**Goal of the exercise**
Your answer must be a single number: the count of lines in the records below that include the string "DIRECTION".

─── Dataset records

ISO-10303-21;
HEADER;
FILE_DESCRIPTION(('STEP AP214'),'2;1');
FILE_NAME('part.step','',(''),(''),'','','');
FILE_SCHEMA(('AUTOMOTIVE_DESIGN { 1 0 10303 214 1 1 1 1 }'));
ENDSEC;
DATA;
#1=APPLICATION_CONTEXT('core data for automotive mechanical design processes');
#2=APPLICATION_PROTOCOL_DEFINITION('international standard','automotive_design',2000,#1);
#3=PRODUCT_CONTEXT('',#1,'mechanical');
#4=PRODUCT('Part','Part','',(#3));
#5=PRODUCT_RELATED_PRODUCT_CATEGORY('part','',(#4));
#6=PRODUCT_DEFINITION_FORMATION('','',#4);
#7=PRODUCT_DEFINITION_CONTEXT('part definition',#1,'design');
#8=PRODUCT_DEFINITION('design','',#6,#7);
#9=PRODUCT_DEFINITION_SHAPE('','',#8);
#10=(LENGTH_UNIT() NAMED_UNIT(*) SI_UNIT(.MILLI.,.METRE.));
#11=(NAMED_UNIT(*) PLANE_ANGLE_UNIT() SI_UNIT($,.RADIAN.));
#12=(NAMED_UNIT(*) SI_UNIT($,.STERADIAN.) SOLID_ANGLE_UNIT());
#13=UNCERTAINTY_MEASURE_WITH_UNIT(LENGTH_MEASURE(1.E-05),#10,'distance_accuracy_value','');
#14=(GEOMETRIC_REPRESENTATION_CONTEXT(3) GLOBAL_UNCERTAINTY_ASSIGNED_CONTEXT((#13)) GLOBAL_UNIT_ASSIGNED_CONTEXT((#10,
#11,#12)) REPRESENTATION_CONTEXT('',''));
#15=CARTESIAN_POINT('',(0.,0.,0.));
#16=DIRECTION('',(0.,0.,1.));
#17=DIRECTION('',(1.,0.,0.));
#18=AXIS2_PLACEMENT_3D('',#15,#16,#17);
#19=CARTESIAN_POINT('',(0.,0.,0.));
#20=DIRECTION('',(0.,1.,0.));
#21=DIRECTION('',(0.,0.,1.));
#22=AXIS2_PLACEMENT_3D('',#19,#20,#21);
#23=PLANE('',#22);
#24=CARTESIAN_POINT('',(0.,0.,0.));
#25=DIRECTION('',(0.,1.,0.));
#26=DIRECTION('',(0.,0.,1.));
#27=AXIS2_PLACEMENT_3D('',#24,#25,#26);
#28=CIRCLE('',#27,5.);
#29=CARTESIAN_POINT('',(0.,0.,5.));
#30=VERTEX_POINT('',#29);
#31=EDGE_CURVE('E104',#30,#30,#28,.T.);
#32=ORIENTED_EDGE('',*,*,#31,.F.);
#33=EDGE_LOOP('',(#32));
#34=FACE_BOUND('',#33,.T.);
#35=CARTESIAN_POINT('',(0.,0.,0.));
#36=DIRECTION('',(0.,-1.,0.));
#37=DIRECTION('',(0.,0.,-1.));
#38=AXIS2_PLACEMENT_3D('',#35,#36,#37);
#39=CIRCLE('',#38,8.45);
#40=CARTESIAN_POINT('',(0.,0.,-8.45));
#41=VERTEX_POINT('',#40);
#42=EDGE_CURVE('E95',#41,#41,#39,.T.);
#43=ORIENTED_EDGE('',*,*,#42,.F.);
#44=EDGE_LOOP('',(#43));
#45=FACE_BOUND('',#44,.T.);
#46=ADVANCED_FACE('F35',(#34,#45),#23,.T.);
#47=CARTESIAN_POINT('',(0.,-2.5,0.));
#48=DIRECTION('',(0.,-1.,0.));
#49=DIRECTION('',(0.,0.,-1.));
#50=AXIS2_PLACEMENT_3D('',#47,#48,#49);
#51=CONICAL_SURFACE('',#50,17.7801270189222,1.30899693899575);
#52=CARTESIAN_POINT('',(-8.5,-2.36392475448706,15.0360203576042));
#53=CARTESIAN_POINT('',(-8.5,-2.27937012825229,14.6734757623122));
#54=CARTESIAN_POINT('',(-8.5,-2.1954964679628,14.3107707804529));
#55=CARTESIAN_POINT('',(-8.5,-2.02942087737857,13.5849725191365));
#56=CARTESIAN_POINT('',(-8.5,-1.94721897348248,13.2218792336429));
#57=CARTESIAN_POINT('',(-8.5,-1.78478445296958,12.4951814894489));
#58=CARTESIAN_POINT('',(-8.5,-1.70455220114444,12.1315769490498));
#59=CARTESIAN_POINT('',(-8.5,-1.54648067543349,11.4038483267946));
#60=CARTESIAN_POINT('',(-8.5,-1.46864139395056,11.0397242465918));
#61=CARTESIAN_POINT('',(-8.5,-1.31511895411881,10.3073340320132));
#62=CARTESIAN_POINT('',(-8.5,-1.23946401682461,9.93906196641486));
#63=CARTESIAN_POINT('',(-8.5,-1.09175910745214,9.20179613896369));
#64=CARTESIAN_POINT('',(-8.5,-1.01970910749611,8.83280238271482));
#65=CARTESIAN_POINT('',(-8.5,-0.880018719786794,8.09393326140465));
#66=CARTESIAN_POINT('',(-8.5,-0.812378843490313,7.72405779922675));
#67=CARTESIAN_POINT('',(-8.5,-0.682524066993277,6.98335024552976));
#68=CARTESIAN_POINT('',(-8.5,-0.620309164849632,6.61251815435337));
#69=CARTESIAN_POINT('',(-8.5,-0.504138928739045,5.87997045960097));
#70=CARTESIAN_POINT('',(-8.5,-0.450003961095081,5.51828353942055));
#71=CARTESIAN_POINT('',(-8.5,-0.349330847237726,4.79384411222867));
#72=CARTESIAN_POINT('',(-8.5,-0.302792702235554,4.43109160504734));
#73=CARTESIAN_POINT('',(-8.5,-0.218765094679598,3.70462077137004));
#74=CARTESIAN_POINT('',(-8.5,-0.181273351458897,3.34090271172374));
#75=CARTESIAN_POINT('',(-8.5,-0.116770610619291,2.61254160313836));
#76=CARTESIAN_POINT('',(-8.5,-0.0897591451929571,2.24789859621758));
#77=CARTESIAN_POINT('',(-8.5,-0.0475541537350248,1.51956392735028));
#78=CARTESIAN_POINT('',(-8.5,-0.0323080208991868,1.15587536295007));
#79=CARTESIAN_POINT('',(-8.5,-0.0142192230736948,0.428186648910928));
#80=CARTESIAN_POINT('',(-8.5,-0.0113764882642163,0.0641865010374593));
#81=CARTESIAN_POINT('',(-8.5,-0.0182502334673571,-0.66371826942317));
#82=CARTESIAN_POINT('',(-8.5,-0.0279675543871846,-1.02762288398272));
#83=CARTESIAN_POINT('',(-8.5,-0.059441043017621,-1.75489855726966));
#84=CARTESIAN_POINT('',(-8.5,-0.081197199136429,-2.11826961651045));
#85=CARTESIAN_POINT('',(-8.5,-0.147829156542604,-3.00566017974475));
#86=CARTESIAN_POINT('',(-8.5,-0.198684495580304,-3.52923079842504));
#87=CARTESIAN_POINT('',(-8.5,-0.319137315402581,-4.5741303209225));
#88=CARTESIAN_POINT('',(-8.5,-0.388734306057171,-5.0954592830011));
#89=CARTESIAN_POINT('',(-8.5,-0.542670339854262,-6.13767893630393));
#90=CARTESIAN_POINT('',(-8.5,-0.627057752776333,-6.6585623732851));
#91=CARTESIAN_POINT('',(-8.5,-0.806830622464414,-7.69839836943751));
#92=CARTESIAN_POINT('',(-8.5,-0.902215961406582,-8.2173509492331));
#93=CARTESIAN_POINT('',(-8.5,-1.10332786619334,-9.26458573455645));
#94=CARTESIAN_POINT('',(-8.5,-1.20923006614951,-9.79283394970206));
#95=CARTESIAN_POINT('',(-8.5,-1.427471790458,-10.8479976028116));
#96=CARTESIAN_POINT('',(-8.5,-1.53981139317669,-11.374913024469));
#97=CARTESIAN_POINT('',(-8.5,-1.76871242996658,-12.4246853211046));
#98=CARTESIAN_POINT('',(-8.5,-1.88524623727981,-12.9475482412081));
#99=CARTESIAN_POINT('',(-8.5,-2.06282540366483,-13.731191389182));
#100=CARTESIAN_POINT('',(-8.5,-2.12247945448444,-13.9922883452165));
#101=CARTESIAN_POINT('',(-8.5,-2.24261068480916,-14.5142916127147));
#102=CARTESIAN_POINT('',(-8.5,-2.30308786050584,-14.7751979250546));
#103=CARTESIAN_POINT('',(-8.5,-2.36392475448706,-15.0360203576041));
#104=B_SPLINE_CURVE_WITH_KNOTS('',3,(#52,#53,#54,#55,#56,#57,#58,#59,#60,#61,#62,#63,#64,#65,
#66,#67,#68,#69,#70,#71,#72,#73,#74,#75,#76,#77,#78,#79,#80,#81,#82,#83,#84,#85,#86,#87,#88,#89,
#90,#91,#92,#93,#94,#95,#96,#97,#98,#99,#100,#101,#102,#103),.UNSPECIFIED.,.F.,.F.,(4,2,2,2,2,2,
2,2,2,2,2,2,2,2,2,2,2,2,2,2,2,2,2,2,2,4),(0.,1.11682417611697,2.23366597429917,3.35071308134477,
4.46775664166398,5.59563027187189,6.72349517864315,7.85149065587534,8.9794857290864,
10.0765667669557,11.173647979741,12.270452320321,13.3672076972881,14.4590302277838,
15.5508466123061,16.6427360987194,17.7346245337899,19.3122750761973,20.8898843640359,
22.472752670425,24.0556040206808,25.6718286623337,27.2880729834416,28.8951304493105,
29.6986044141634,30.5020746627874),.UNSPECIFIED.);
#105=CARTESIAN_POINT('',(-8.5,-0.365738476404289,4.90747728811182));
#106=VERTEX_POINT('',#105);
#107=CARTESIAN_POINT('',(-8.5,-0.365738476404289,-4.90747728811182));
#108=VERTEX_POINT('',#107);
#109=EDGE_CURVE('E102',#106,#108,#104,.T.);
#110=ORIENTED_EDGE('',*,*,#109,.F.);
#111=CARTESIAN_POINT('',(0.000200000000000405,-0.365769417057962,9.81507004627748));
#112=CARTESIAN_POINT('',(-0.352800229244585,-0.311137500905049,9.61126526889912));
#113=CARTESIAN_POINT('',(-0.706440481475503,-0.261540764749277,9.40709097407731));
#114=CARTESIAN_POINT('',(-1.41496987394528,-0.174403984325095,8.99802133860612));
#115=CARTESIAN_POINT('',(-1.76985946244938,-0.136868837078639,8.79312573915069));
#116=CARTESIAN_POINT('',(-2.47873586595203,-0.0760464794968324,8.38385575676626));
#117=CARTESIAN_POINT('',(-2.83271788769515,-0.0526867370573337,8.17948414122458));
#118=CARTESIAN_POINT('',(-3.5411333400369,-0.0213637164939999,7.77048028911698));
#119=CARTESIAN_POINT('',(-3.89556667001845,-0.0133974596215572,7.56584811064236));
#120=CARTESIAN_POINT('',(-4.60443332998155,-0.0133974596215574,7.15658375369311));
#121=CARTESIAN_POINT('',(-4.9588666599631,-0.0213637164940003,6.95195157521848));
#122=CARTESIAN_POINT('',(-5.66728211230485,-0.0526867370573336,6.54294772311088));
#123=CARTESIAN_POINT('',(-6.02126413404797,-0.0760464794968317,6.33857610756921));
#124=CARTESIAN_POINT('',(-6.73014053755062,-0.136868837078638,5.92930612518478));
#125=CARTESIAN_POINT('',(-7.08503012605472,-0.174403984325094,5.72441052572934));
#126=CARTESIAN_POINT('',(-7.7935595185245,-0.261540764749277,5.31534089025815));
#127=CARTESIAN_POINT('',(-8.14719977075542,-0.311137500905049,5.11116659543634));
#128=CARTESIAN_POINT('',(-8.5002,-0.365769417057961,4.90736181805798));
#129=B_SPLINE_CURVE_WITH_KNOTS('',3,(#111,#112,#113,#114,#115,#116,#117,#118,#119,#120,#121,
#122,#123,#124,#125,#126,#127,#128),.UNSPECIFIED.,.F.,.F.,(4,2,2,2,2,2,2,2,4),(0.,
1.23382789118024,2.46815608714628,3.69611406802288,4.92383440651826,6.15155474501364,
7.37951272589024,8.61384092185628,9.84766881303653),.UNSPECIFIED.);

──────

**Answer box**
10